Brief. In the copy you make, include no pictures, and transcribe every record exactly.

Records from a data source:
^^^^^^^^^^^^^^^^
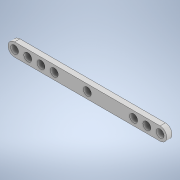
# Autodesk Inventor part: 10cmlinks
Saved by Autodesk Inventor 2022 (Build 260153000, 153)
## iProperties
Created: 2023-07-13
Part Number: 10cmlinks
Material: Generic
Document SubType Name: Modeling
Designer: jyoti
Density: 1 g/cm^3
Appearance: Default
Author: jyoti
Autodesk Inventor part; units mm, degrees
ref_plane "YZ Plane" through (0, 0, 0) normal (1, 0, 0) x (0, 1, 0)
ref_plane "XZ Plane" through (0, 0, 0) normal (0, 1, 0) x (-1, 0, 0)
ref_plane "XY Plane" through (0, 0, 0) normal (0, 0, 1) x (1, 0, 0)
sketch "Sketch1" plane through (0, 0, 0) normal (0, 0, 1) x (1, 0, 0)
  line L0 (0, 0) -> (110, 0) construction
  line L1 (0, -5) -> (110, -5)
  line L2 (110, 5) -> (0, 5)
  arc A0 (0, 5) -> (0, -5) centre (0, 0) ccw
  arc A1 (110, -5) -> (110, 5) centre (110, 0) ccw
  circle A2 centre (0, 0) radius 3
  circle A3 centre (110, 0) radius 3
  circle A4 centre (10, 0) radius 3
  circle A5 centre (100, 0) radius 3
  circle A6 centre (55, 0) radius 3
  circle A7 centre (20, 0) radius 3
  circle A8 centre (30, 0) radius 3
  circle A9 centre (90, 0) radius 3
  dimension "d0" = 110
  dimension "d1" = 10
  dimension "d2" = 6
  dimension "d3" = 6
  dimension "d4" = 6
  dimension "d5" = 6
  dimension "d6" = 6
  dimension "d7" = 6
  dimension "d8" = 6
  dimension "d9" = 6
  constraints: 10 centre point, 8 end point, 5 point on line, 4 point on circle, 4 tangent, 3 coincident, 1 horizontal, 1 midpoint, 1 parallel
  measures "d0" distance of L0.start L0.end
  measures "d1" diameter of A1
  measures "d2" diameter of A2
  measures "d3" diameter of A3
  measures "d4" diameter of A4
  measures "d5" diameter of A5
  measures "d6" diameter of A6
  measures "d7" diameter of A7
  measures "d8" diameter of A8
  measures "d9" diameter of A9
extrude "Extrusion1" add sketch "Sketch1" along normal blind 4
body "Solid1"
^^^^^^^^^^^^^^^^
Result for this exercise.
# Autodesk Inventor part: 10cmlinks
Saved by Autodesk Inventor 2022 (Build 260153000, 153)
## iProperties
Created: 2023-07-13
Part Number: 10cmlinks
Material: Generic
Document SubType Name: Modeling
Designer: jyoti
Density: 1 g/cm^3
Appearance: Default
Author: jyoti
Autodesk Inventor part; units mm, degrees
ref_plane "YZ Plane" through (0, 0, 0) normal (1, 0, 0) x (0, 1, 0)
ref_plane "XZ Plane" through (0, 0, 0) normal (0, 1, 0) x (-1, 0, 0)
ref_plane "XY Plane" through (0, 0, 0) normal (0, 0, 1) x (1, 0, 0)
sketch "Sketch1" plane through (0, 0, 0) normal (0, 0, 1) x (1, 0, 0)
  line L0 (0, 0) -> (110, 0) construction
  line L1 (0, -5) -> (110, -5)
  line L2 (110, 5) -> (0, 5)
  arc A0 (0, 5) -> (0, -5) centre (0, 0) ccw
  arc A1 (110, -5) -> (110, 5) centre (110, 0) ccw
  circle A2 centre (0, 0) radius 3
  circle A3 centre (110, 0) radius 3
  circle A4 centre (10, 0) radius 3
  circle A5 centre (100, 0) radius 3
  circle A6 centre (55, 0) radius 3
  circle A7 centre (20, 0) radius 3
  circle A8 centre (30, 0) radius 3
  circle A9 centre (90, 0) radius 3
  dimension "d0" = 110
  dimension "d1" = 10
  dimension "d2" = 6
  dimension "d3" = 6
  dimension "d4" = 6
  dimension "d5" = 6
  dimension "d6" = 6
  dimension "d7" = 6
  dimension "d8" = 6
  dimension "d9" = 6
  constraints: 10 centre point, 8 end point, 5 point on line, 4 point on circle, 4 tangent, 3 coincident, 1 horizontal, 1 midpoint, 1 parallel
  measures "d0" distance of L0.start L0.end
  measures "d1" diameter of A1
  measures "d2" diameter of A2
  measures "d3" diameter of A3
  measures "d4" diameter of A4
  measures "d5" diameter of A5
  measures "d6" diameter of A6
  measures "d7" diameter of A7
  measures "d8" diameter of A8
  measures "d9" diameter of A9
extrude "Extrusion1" add sketch "Sketch1" along normal blind 4
body "Solid1"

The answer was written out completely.